TERAPI PSIKOANALISIS
Dasar dari terapi psikoanalisis adalah konsep dari Sigmund Freud dan
beberapa pengikutnya. Tujuan dari psikoanalisis adalah menyadarkan individu
dari konflik yang tidak disadari serta mekasisme pertahanan (defense
mechanism) yang digunakan untuk mengembalikan kecemasan. Apabila motif
dan rasa takut yang tidak disadari telah diketahui, maka hal-hal tersebut dapat
diatasi dengan cara yang lebih rasional dan realistis.
TEKNIK-TEKNIK TERAPI PSIKOANALISIS
Teknik-teknik dalam
Psikoanalisis disesuaikan untuk meningkatkan kesadaran, memperoleh pemahaman
intelektual atas tingkah laku klien, serta untuk memahami makna dari beberapa
gejala. Kemajuan terapeutik diawali dari pembicaraan klien ke arah katarsis,
pemahaman, hal-hal yang tidak disadari, sampai dengan tujuan pemahaman
masalah-masalah intelektual dan emosional. Untuk itu diperlukan teknik-teknik
dasar psikoanalisis, yaitu :
1. Asosiasi
Bebas
Asosiasi Bebas
merupakan teknik utama dalam psikoanalisis. Terapis meminta klien agar membersihkan
pikirannya dari pikiran-pikiran dan renungan-renungan sehari-hari, serta
sedapat mungkin mengatakan apa saja yang muncul dan melintas dalam pikiran.

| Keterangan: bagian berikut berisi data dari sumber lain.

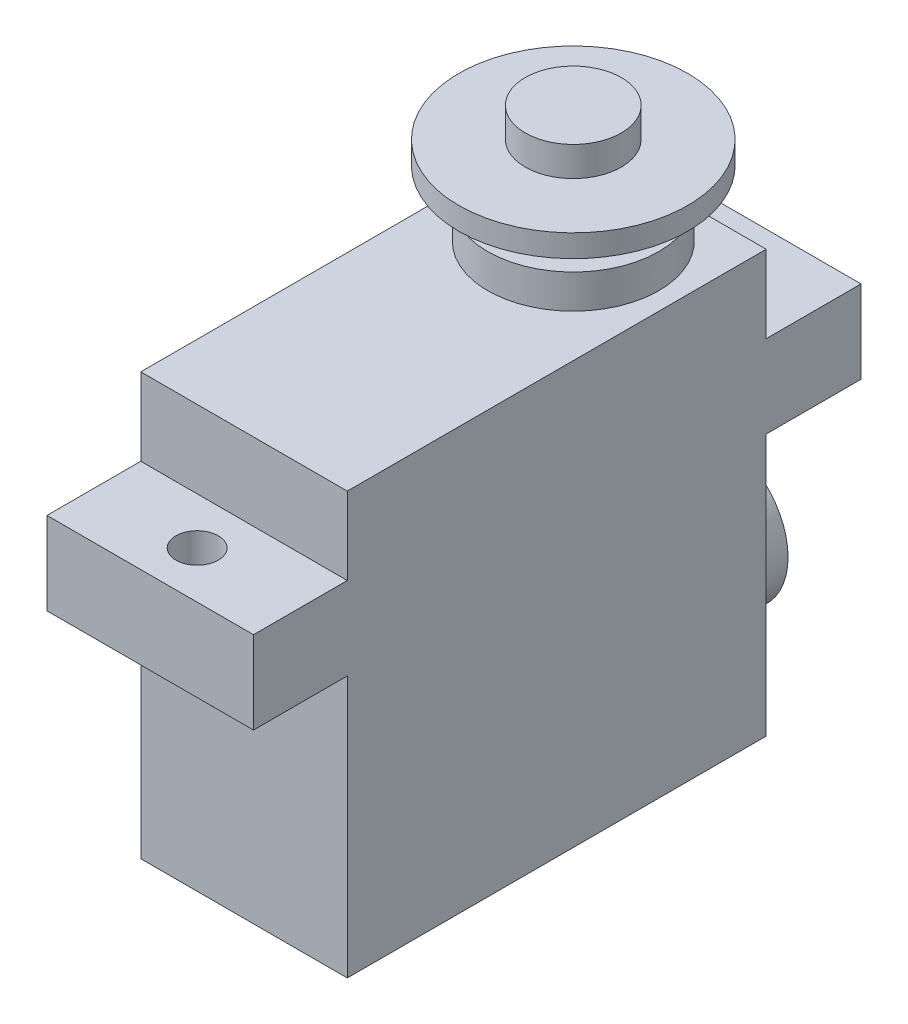
ISO-10303-21;
HEADER;
FILE_DESCRIPTION(('STEP AP214'),'2;1');
FILE_NAME('part.step','',(''),(''),'','','');
FILE_SCHEMA(('AUTOMOTIVE_DESIGN { 1 0 10303 214 1 1 1 1 }'));
ENDSEC;
DATA;
#1=APPLICATION_CONTEXT('core data for automotive mechanical design processes');
#2=APPLICATION_PROTOCOL_DEFINITION('international standard','automotive_design',2000,#1);
#3=PRODUCT_CONTEXT('',#1,'mechanical');
#4=PRODUCT('Part','Part','',(#3));
#5=PRODUCT_RELATED_PRODUCT_CATEGORY('part','',(#4));
#6=PRODUCT_DEFINITION_FORMATION('','',#4);
#7=PRODUCT_DEFINITION_CONTEXT('part definition',#1,'design');
#8=PRODUCT_DEFINITION('design','',#6,#7);
#9=PRODUCT_DEFINITION_SHAPE('','',#8);
#10=(LENGTH_UNIT() NAMED_UNIT(*) SI_UNIT(.MILLI.,.METRE.));
#11=(NAMED_UNIT(*) PLANE_ANGLE_UNIT() SI_UNIT($,.RADIAN.));
#12=(NAMED_UNIT(*) SI_UNIT($,.STERADIAN.) SOLID_ANGLE_UNIT());
#13=UNCERTAINTY_MEASURE_WITH_UNIT(LENGTH_MEASURE(1.E-05),#10,'distance_accuracy_value','');
#14=(GEOMETRIC_REPRESENTATION_CONTEXT(3) GLOBAL_UNCERTAINTY_ASSIGNED_CONTEXT((#13)) GLOBAL_UNIT_ASSIGNED_CONTEXT((#10,
#11,#12)) REPRESENTATION_CONTEXT('',''));
#15=CARTESIAN_POINT('',(0.,0.,0.));
#16=DIRECTION('',(0.,0.,1.));
#17=DIRECTION('',(1.,0.,0.));
#18=AXIS2_PLACEMENT_3D('',#15,#16,#17);
#19=CARTESIAN_POINT('',(0.,31.115,0.));
#20=DIRECTION('',(0.,0.,-1.));
#21=DIRECTION('',(-1.,0.,0.));
#22=AXIS2_PLACEMENT_3D('',#19,#20,#21);
#23=PLANE('',#22);
#24=DIRECTION('',(0.,-1.,0.));
#25=VECTOR('',#24,1.);
#26=CARTESIAN_POINT('',(0.,31.115,0.));
#27=LINE('',#26,#25);
#28=CARTESIAN_POINT('',(0.,31.115,0.));
#29=VERTEX_POINT('',#28);
#30=CARTESIAN_POINT('',(0.,25.4,0.));
#31=VERTEX_POINT('',#30);
#32=EDGE_CURVE('E221',#29,#31,#27,.T.);
#33=ORIENTED_EDGE('',*,*,#32,.T.);
#34=DIRECTION('',(1.,0.,0.));
#35=VECTOR('',#34,1.);
#36=CARTESIAN_POINT('',(0.,25.4,0.));
#37=LINE('',#36,#35);
#38=CARTESIAN_POINT('',(15.2399999999999,25.4,0.));
#39=VERTEX_POINT('',#38);
#40=EDGE_CURVE('E186',#31,#39,#37,.T.);
#41=ORIENTED_EDGE('',*,*,#40,.T.);
#42=DIRECTION('',(0.,-1.,0.));
#43=VECTOR('',#42,1.);
#44=CARTESIAN_POINT('',(15.2399999999999,31.115,0.));
#45=LINE('',#44,#43);
#46=CARTESIAN_POINT('',(15.2399999999999,31.115,0.));
#47=VERTEX_POINT('',#46);
#48=EDGE_CURVE('E218',#47,#39,#45,.T.);
#49=ORIENTED_EDGE('',*,*,#48,.F.);
#50=DIRECTION('',(1.,0.,0.));
#51=VECTOR('',#50,1.);
#52=CARTESIAN_POINT('',(0.,31.115,0.));
#53=LINE('',#52,#51);
#54=EDGE_CURVE('E193',#29,#47,#53,.T.);
#55=ORIENTED_EDGE('',*,*,#54,.F.);
#56=EDGE_LOOP('',(#33,#41,#49,#55));
#57=FACE_BOUND('',#56,.T.);
#58=ADVANCED_FACE('F43',(#57),#23,.F.);
#59=CARTESIAN_POINT('',(0.,31.115,-30.9117999999999));
#60=DIRECTION('',(0.,0.,1.));
#61=DIRECTION('',(1.,0.,0.));
#62=AXIS2_PLACEMENT_3D('',#59,#60,#61);
#63=PLANE('',#62);
#64=DIRECTION('',(0.,-1.,0.));
#65=VECTOR('',#64,1.);
#66=CARTESIAN_POINT('',(15.2399999999999,31.115,-30.9118));
#67=LINE('',#66,#65);
#68=CARTESIAN_POINT('',(15.2399999999999,31.115,-30.9118));
#69=VERTEX_POINT('',#68);
#70=CARTESIAN_POINT('',(15.2399999999999,25.4,-30.9118));
#71=VERTEX_POINT('',#70);
#72=EDGE_CURVE('E214',#69,#71,#67,.T.);
#73=ORIENTED_EDGE('',*,*,#72,.T.);
#74=DIRECTION('',(-1.,0.,0.));
#75=VECTOR('',#74,1.);
#76=CARTESIAN_POINT('',(0.,25.4,-30.9117999999999));
#77=LINE('',#76,#75);
#78=CARTESIAN_POINT('',(0.,25.4,-30.9118));
#79=VERTEX_POINT('',#78);
#80=EDGE_CURVE('E226',#71,#79,#77,.T.);
#81=ORIENTED_EDGE('',*,*,#80,.T.);
#82=DIRECTION('',(0.,-1.,0.));
#83=VECTOR('',#82,1.);
#84=CARTESIAN_POINT('',(0.,31.115,-30.9117999999999));
#85=LINE('',#84,#83);
#86=CARTESIAN_POINT('',(0.,31.115,-30.9117999999999));
#87=VERTEX_POINT('',#86);
#88=EDGE_CURVE('E210',#87,#79,#85,.T.);
#89=ORIENTED_EDGE('',*,*,#88,.F.);
#90=DIRECTION('',(-1.,0.,0.));
#91=VECTOR('',#90,1.);
#92=CARTESIAN_POINT('',(0.,31.115,-30.9117999999999));
#93=LINE('',#92,#91);
#94=EDGE_CURVE('E198',#69,#87,#93,.T.);
#95=ORIENTED_EDGE('',*,*,#94,.F.);
#96=EDGE_LOOP('',(#73,#81,#89,#95));
#97=FACE_BOUND('',#96,.T.);
#98=ADVANCED_FACE('F296',(#97),#63,.F.);
#99=CARTESIAN_POINT('',(0.,31.115,0.));
#100=DIRECTION('',(1.,0.,0.));
#101=DIRECTION('',(0.,0.,-1.));
#102=AXIS2_PLACEMENT_3D('',#99,#100,#101);
#103=PLANE('',#102);
#104=CARTESIAN_POINT('',(0.,19.304,0.));
#105=VERTEX_POINT('',#104);
#106=CARTESIAN_POINT('',(0.,0.,0.));
#107=VERTEX_POINT('',#106);
#108=EDGE_CURVE('E138',#105,#107,#27,.T.);
#109=ORIENTED_EDGE('',*,*,#108,.F.);
#110=DIRECTION('',(0.,0.,1.));
#111=VECTOR('',#110,1.);
#112=CARTESIAN_POINT('',(0.,19.304,-37.9095));
#113=LINE('',#112,#111);
#114=CARTESIAN_POINT('',(0.,19.304,6.9215));
#115=VERTEX_POINT('',#114);
#116=EDGE_CURVE('E60',#105,#115,#113,.T.);
#117=ORIENTED_EDGE('',*,*,#116,.T.);
#118=DIRECTION('',(0.,-1.,0.));
#119=VECTOR('',#118,1.);
#120=CARTESIAN_POINT('',(0.,25.4,6.9215));
#121=LINE('',#120,#119);
#122=CARTESIAN_POINT('',(0.,25.4,6.9215));
#123=VERTEX_POINT('',#122);
#124=EDGE_CURVE('E136',#123,#115,#121,.T.);
#125=ORIENTED_EDGE('',*,*,#124,.F.);
#126=DIRECTION('',(0.,0.,1.));
#127=VECTOR('',#126,1.);
#128=CARTESIAN_POINT('',(0.,25.4,-37.9095));
#129=LINE('',#128,#127);
#130=EDGE_CURVE('E178',#31,#123,#129,.T.);
#131=ORIENTED_EDGE('',*,*,#130,.F.);
#132=ORIENTED_EDGE('',*,*,#32,.F.);
#133=DIRECTION('',(0.,0.,1.));
#134=VECTOR('',#133,1.);
#135=CARTESIAN_POINT('',(0.,31.115,0.));
#136=LINE('',#135,#134);
#137=EDGE_CURVE('E190',#87,#29,#136,.T.);
#138=ORIENTED_EDGE('',*,*,#137,.F.);
#139=ORIENTED_EDGE('',*,*,#88,.T.);
#140=CARTESIAN_POINT('',(0.,25.4,-37.9095));
#141=VERTEX_POINT('',#140);
#142=EDGE_CURVE('E175',#141,#79,#129,.T.);
#143=ORIENTED_EDGE('',*,*,#142,.F.);
#144=DIRECTION('',(0.,-1.,0.));
#145=VECTOR('',#144,1.);
#146=CARTESIAN_POINT('',(0.,25.4,-37.9095));
#147=LINE('',#146,#145);
#148=CARTESIAN_POINT('',(0.,19.304,-37.9095));
#149=VERTEX_POINT('',#148);
#150=EDGE_CURVE('E165',#141,#149,#147,.T.);
#151=ORIENTED_EDGE('',*,*,#150,.T.);
#152=CARTESIAN_POINT('',(0.,19.304,-30.9118));
#153=VERTEX_POINT('',#152);
#154=EDGE_CURVE('E139',#149,#153,#113,.T.);
#155=ORIENTED_EDGE('',*,*,#154,.T.);
#156=CARTESIAN_POINT('',(0.,0.,-30.9117999999999));
#157=VERTEX_POINT('',#156);
#158=EDGE_CURVE('E200',#153,#157,#85,.T.);
#159=ORIENTED_EDGE('',*,*,#158,.T.);
#160=DIRECTION('',(0.,0.,1.));
#161=VECTOR('',#160,1.);
#162=CARTESIAN_POINT('',(0.,0.,0.));
#163=LINE('',#162,#161);
#164=EDGE_CURVE('E189',#157,#107,#163,.T.);
#165=ORIENTED_EDGE('',*,*,#164,.T.);
#166=EDGE_LOOP('',(#109,#117,#125,#131,#132,#138,#139,#143,#151,#155,#159,#165));
#167=FACE_BOUND('',#166,.T.);
#168=ADVANCED_FACE('F45',(#167),#103,.F.);
#169=CARTESIAN_POINT('',(15.2399999999999,19.304,0.));
#170=VERTEX_POINT('',#169);
#171=CARTESIAN_POINT('',(15.2399999999999,0.,0.));
#172=VERTEX_POINT('',#171);
#173=EDGE_CURVE('E217',#170,#172,#45,.T.);
#174=ORIENTED_EDGE('',*,*,#173,.F.);
#175=DIRECTION('',(-1.,0.,0.));
#176=VECTOR('',#175,1.);
#177=CARTESIAN_POINT('',(0.,19.304,0.));
#178=LINE('',#177,#176);
#179=EDGE_CURVE('E177',#170,#105,#178,.T.);
#180=ORIENTED_EDGE('',*,*,#179,.T.);
#181=ORIENTED_EDGE('',*,*,#108,.T.);
#182=DIRECTION('',(1.,0.,0.));
#183=VECTOR('',#182,1.);
#184=CARTESIAN_POINT('',(0.,0.,0.));
#185=LINE('',#184,#183);
#186=EDGE_CURVE('E202',#107,#172,#185,.T.);
#187=ORIENTED_EDGE('',*,*,#186,.T.);
#188=EDGE_LOOP('',(#174,#180,#181,#187));
#189=FACE_BOUND('',#188,.T.);
#190=ADVANCED_FACE('F319',(#189),#23,.F.);
#191=CARTESIAN_POINT('',(15.2399999999999,31.115,0.));
#192=DIRECTION('',(-1.,0.,0.));
#193=DIRECTION('',(0.,0.,1.));
#194=AXIS2_PLACEMENT_3D('',#191,#192,#193);
#195=PLANE('',#194);
#196=CARTESIAN_POINT('',(15.2399999999999,19.304,-30.9118));
#197=VERTEX_POINT('',#196);
#198=CARTESIAN_POINT('',(15.2399999999999,0.,-30.9118));
#199=VERTEX_POINT('',#198);
#200=EDGE_CURVE('E213',#197,#199,#67,.T.);
#201=ORIENTED_EDGE('',*,*,#200,.F.);
#202=DIRECTION('',(0.,0.,1.));
#203=VECTOR('',#202,1.);
#204=CARTESIAN_POINT('',(15.2399999999999,19.304,-37.9095));
#205=LINE('',#204,#203);
#206=CARTESIAN_POINT('',(15.2399999999999,19.304,-37.9095));
#207=VERTEX_POINT('',#206);
#208=EDGE_CURVE('E68',#207,#197,#205,.T.);
#209=ORIENTED_EDGE('',*,*,#208,.F.);
#210=DIRECTION('',(0.,1.,0.));
#211=VECTOR('',#210,1.);
#212=CARTESIAN_POINT('',(15.2399999999999,25.4,-37.9095));
#213=LINE('',#212,#211);
#214=CARTESIAN_POINT('',(15.2399999999999,25.4,-37.9095));
#215=VERTEX_POINT('',#214);
#216=EDGE_CURVE('E170',#207,#215,#213,.T.);
#217=ORIENTED_EDGE('',*,*,#216,.T.);
#218=DIRECTION('',(0.,0.,1.));
#219=VECTOR('',#218,1.);
#220=CARTESIAN_POINT('',(15.2399999999999,25.4,-37.9095));
#221=LINE('',#220,#219);
#222=EDGE_CURVE('E179',#215,#71,#221,.T.);
#223=ORIENTED_EDGE('',*,*,#222,.T.);
#224=ORIENTED_EDGE('',*,*,#72,.F.);
#225=DIRECTION('',(0.,0.,-1.));
#226=VECTOR('',#225,1.);
#227=CARTESIAN_POINT('',(15.2399999999999,31.115,0.));
#228=LINE('',#227,#226);
#229=EDGE_CURVE('E196',#47,#69,#228,.T.);
#230=ORIENTED_EDGE('',*,*,#229,.F.);
#231=ORIENTED_EDGE('',*,*,#48,.T.);
#232=CARTESIAN_POINT('',(15.2399999999999,25.4,6.9215));
#233=VERTEX_POINT('',#232);
#234=EDGE_CURVE('E182',#39,#233,#221,.T.);
#235=ORIENTED_EDGE('',*,*,#234,.T.);
#236=DIRECTION('',(0.,1.,0.));
#237=VECTOR('',#236,1.);
#238=CARTESIAN_POINT('',(15.2399999999999,25.4,6.9215));
#239=LINE('',#238,#237);
#240=CARTESIAN_POINT('',(15.2399999999999,19.304,6.9215));
#241=VERTEX_POINT('',#240);
#242=EDGE_CURVE('E150',#241,#233,#239,.T.);
#243=ORIENTED_EDGE('',*,*,#242,.F.);
#244=EDGE_CURVE('E146',#170,#241,#205,.T.);
#245=ORIENTED_EDGE('',*,*,#244,.F.);
#246=ORIENTED_EDGE('',*,*,#173,.T.);
#247=DIRECTION('',(0.,0.,-1.));
#248=VECTOR('',#247,1.);
#249=CARTESIAN_POINT('',(15.2399999999999,0.,0.));
#250=LINE('',#249,#248);
#251=EDGE_CURVE('E205',#172,#199,#250,.T.);
#252=ORIENTED_EDGE('',*,*,#251,.T.);
#253=EDGE_LOOP('',(#201,#209,#217,#223,#224,#230,#231,#235,#243,#245,#246,#252));
#254=FACE_BOUND('',#253,.T.);
#255=ADVANCED_FACE('F291',(#254),#195,.F.);
#256=CARTESIAN_POINT('',(7.61999999999996,8.2804,-30.9118));
#257=DIRECTION('',(0.,0.,1.));
#258=DIRECTION('',(1.,0.,0.));
#259=AXIS2_PLACEMENT_3D('',#256,#257,#258);
#260=CIRCLE('',#259,5.2705);
#261=CARTESIAN_POINT('',(12.8905,8.2804,-30.9118));
#262=VERTEX_POINT('',#261);
#263=EDGE_CURVE('E228',#262,#262,#260,.F.);
#264=ORIENTED_EDGE('',*,*,#263,.F.);
#265=EDGE_LOOP('',(#264));
#266=FACE_BOUND('',#265,.T.);
#267=ORIENTED_EDGE('',*,*,#158,.F.);
#268=DIRECTION('',(1.,0.,0.));
#269=VECTOR('',#268,1.);
#270=CARTESIAN_POINT('',(0.,19.304,-30.9117999999999));
#271=LINE('',#270,#269);
#272=EDGE_CURVE('E224',#153,#197,#271,.T.);
#273=ORIENTED_EDGE('',*,*,#272,.T.);
#274=ORIENTED_EDGE('',*,*,#200,.T.);
#275=DIRECTION('',(-1.,0.,0.));
#276=VECTOR('',#275,1.);
#277=CARTESIAN_POINT('',(0.,0.,-30.9117999999999));
#278=LINE('',#277,#276);
#279=EDGE_CURVE('E194',#199,#157,#278,.T.);
#280=ORIENTED_EDGE('',*,*,#279,.T.);
#281=EDGE_LOOP('',(#267,#273,#274,#280));
#282=FACE_BOUND('',#281,.T.);
#283=ADVANCED_FACE('F310',(#266,#282),#63,.F.);
#284=CARTESIAN_POINT('',(0.,31.115,0.));
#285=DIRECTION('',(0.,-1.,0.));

Cara yang khas adalah dengan mempersilakan klien berbaring di atas balai-balai,
sementara terapis duduk dibelakangnya sehingga tidak mengalihkan perhatian
klien pada saat-saat asosiasinya mengalir dengan bebas.
Asosiasi bebas
merupakan suatu metode pemanggilan kembali pengalaman-pengalaman masa lampau
dan pelepasan emosi-emosi yang berkaitan dengan situasi traumatis masa lalu,
yang kemudian dikenal dengan katarsis. Kartarsis hanya
menghasilkan perbedaan sementara atas pengalaman-pengalaman menyakitkan pada
klien, tetapi tidak memainkan peran utama dalam proses treatment (Corey,
1995).
2. Penafsiran
(Interpretasi)
Penafsiran merupakan
prosedur dasar di dalam menganalisis asosiasi bebas, mimpi-mimpi, resistensi,
dan transferensi. Caranya adalah dengan tindakan tindakan terapis untuk
menyatakan, menerangkan dan mengajarkan klirn makna-makna tingkah laku apa yang
dimanifestasikan dalam mimpi, asosiasi bebas, resistensi, dan hubungan
terapeutik itu sendiri. Fungsi dari penafsiran ini adalah mendorong ego untuk
mengasimilasi bahan-bahan baru dan mempercepat proses pengungkapan alam bawah
sadar secara lebih lanjud. Penafsiran yang diberikan oleh terapis menyebabkan
adanya pemahaman dan tidak terhalanginya alam bawah sadar pada diri klien.
(Corey, 1995).
3. Analisis
Mimpi
Analisis Mimpi adalah
prosedur atau cara yang penting untuk mengungkap alam bawah sadar dan
memberikan kepada klien pemahaman atas beberapa area masalah yang tidak
terselesaikan. Selama tidur, pertahanan-pertahanan melemah, sehingga
perasaan-perasaan yang direpres akan muncul kepermukaan, meski
dalam bentuk lain. Freud memandang bahwa mimpi merupakan “jalan istimewa menuju
ketidaksadaran”, karena melalui mimpi tersebut hasrat-hasrat,
kebutuhan-kebutuhan, dan ketakutan tak sadar dapat diungkapkan. Beberapa motivasi
sangat tidak dapat diterima oleh seseorang, sehingga akhirnya diungkapkan dalam
bentuk yang disamarkan atau disimbolkan dalam bentuk yang berbeda.
Mimpi memiliki dua
taraf, yaitu isi laten dan isi manifes. Isi laten
terdiri atas motif-motif yang disamarkan, tersembunyi, simbolik, dan tidak
disadari. Karena begitu menyakitkan dan mengancam, maka dorongan-dorongan
seksual dan perilaku agresif tak sadar (yang merupakan isi laten)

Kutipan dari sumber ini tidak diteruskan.